You're equivocating from “some models on some narrow benchmarks” to a universal “AI language models” claim: your best numbers are largely summarization or RAG-constrained setups (Sources 2, 6, 9, 11, 12), which doesn't rebut peer‑reviewed evidence of much higher hallucination rates in other common settings like reference accuracy (28.6% for GPT‑4) and broader factual evaluation (Sources 4 and 3). And even within your own cited benchmark, Source 6 clusters top models around ~5.5%—which is not “less than 5%”—while OpenAI's analysis explicitly expects ≥20% hallucination on certain fact types for base models (Source 1), so your argument is a cherry-picked generalization.
Argument against
The motion asserts a universal “<5%” hallucination rate, but multiple peer‑reviewed evaluations report far higher rates—e.g., 28.6% for GPT‑4 and 39.6% for GPT‑3.5 in a reference-accuracy study (Source 4, PubMed Central), and a survey noting GPT‑4 is only “under 10%” rather than under 5% (Source 3, Frontiers in Artificial Intelligence). Even OpenAI's own analysis argues base models can be expected to hallucinate at least 20% on certain fact types due to memorization failure (Source 1, OpenAI), so the blanket “less than 5%” claim is false outside narrow, task-specific setups.

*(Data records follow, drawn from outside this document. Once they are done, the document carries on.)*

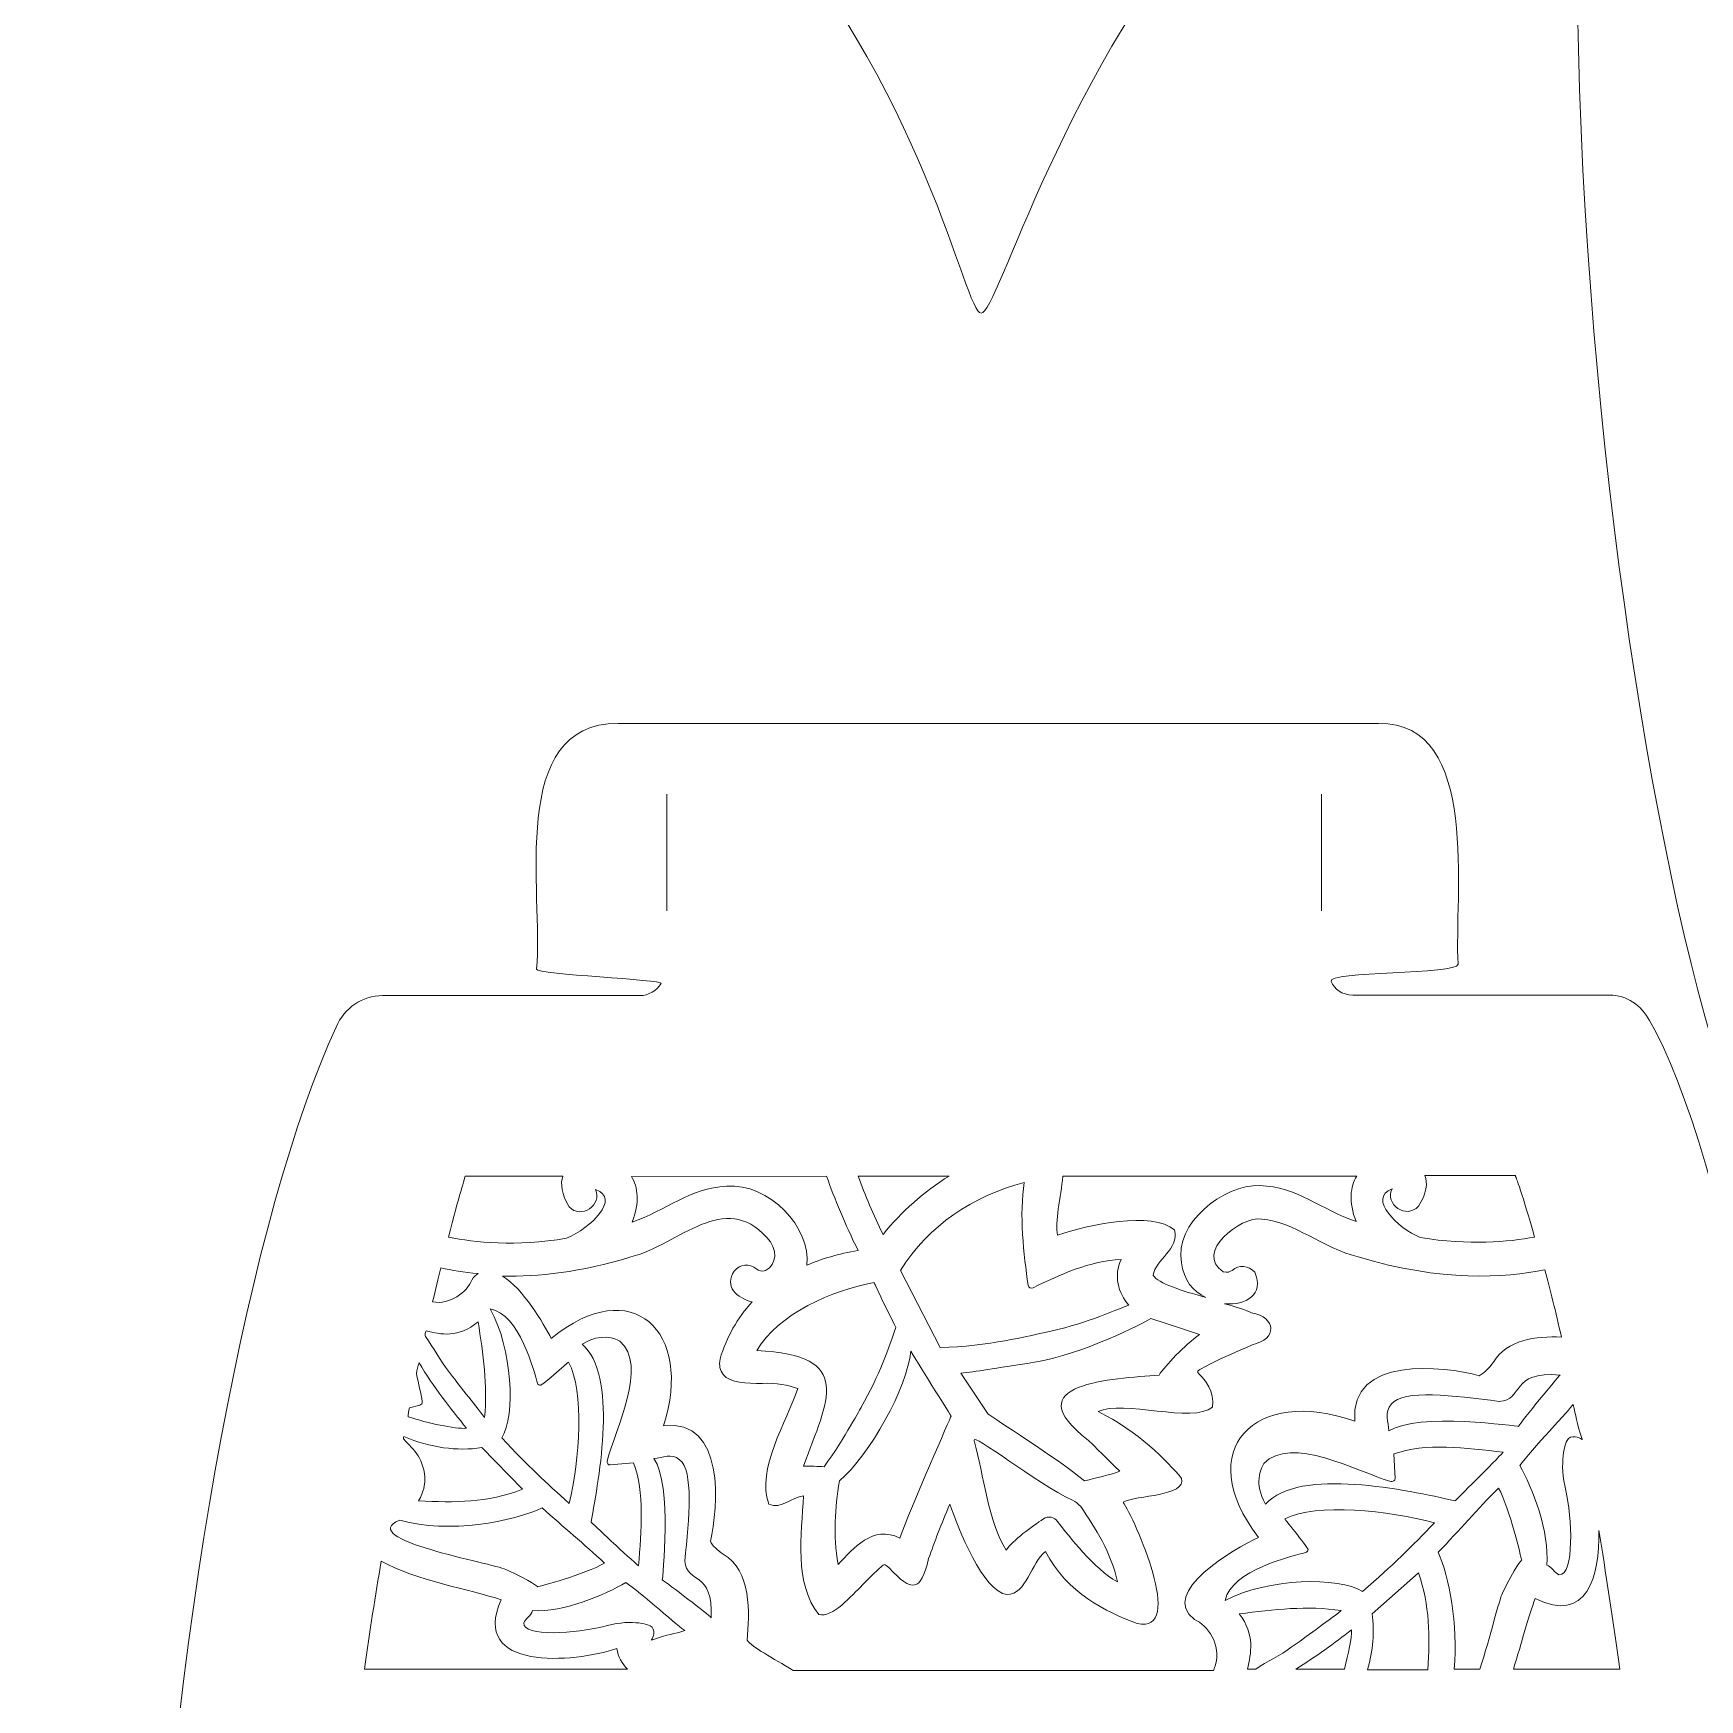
# Model space of a CAD drawing. Header units: inches. Extents: x -0.2 to 23, y 0 to 27.3.
# Drawn here: x -0.247 to 3.359, y 8.387 to 11.992 of the extents above; entities that cross this region are included whole.
import ezdxf

# ---------------------------------------------------------------- set-up
doc = ezdxf.new("R2010")
doc.units = ezdxf.units.IN
doc.header["$MEASUREMENT"] = 0
doc.layers.add('Paper Pumpkin Give Thanks', color=7, linetype='Continuous', lineweight=0)

msp = doc.modelspace()

# ---------------------------------------------------------------- linework, layer by layer
at = {"layer": 'Paper Pumpkin Give Thanks'}
for points, knots in [([(0.3208, 14.1722), (0.3292, 14.15), (0.3486, 14.1361), (0.3722, 14.1361), (0.3722, 14.1361), (0.6417, 14.1361), (0.6417, 14.1361), (0.6681, 14.1333), (1.0361, 14.1444), (1.0486, 14.1278), (1.0667, 14.1194), (1.0583, 14.0917), (1.0389, 14.0917), (1.0389, 14.0917), (0.3472, 14.0931), (0.3472, 14.0931), (0.3472, 14.0931), (1, 12.6431), (1.2903, 12.3153), (1.6889, 11.8681), (1.7667, 11.3861), (1.8042, 11.3861), (1.8403, 11.3861), (1.9764, 11.9083), (2.3472, 12.3292), (2.5903, 12.6347), (3.2472, 13.9083), (3.2653, 14.0931), (3.2653, 14.0931), (2.6264, 14.0917), (2.6264, 14.0917), (2.6069, 14.0917), (2.6, 14.1194), (2.6181, 14.1278), (2.7931, 14.1486), (3.1236, 14.1292), (3.2986, 14.1361), (3.9653, 14.8931), (3.5708, 17.9722), (3.2486, 18.5139), (3.2319, 18.5472), (3.1986, 18.5694), (3.1625, 18.5694), (3.1625, 18.5694), (2.6069, 18.5694), (2.6069, 18.5694), (2.5819, 18.5694), (2.5681, 18.5819), (2.5597, 18.5986), (2.55, 18.6222), (2.8333, 18.6125), (2.8347, 18.6361), (2.825, 18.7792), (2.8861, 19.1611), (2.6625, 19.1569), (2.6625, 19.1569), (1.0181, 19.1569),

Your argument commits a classic fallacy of composition — you cherry-pick domain-specific or outdated benchmarks (Source 4's reference-accuracy study on older models, Source 1's base model memorization analysis) and falsely generalize them to all AI language models on all tasks, when the claim is plainly supported by current state-of-the-art performance on established benchmarks. Source 9, Source 10, Source 11, and Source 12 all document that leading frontier models achieve sub-5% and even sub-1% hallucination rates on standardized evaluations as recently as 2025–2026, and Source 6's Vectara Leaderboard — an industry-standard, apples-to-apples benchmark — confirms multiple top models clustering around 5.5% or below, which is precisely the evidence base the claim rests on.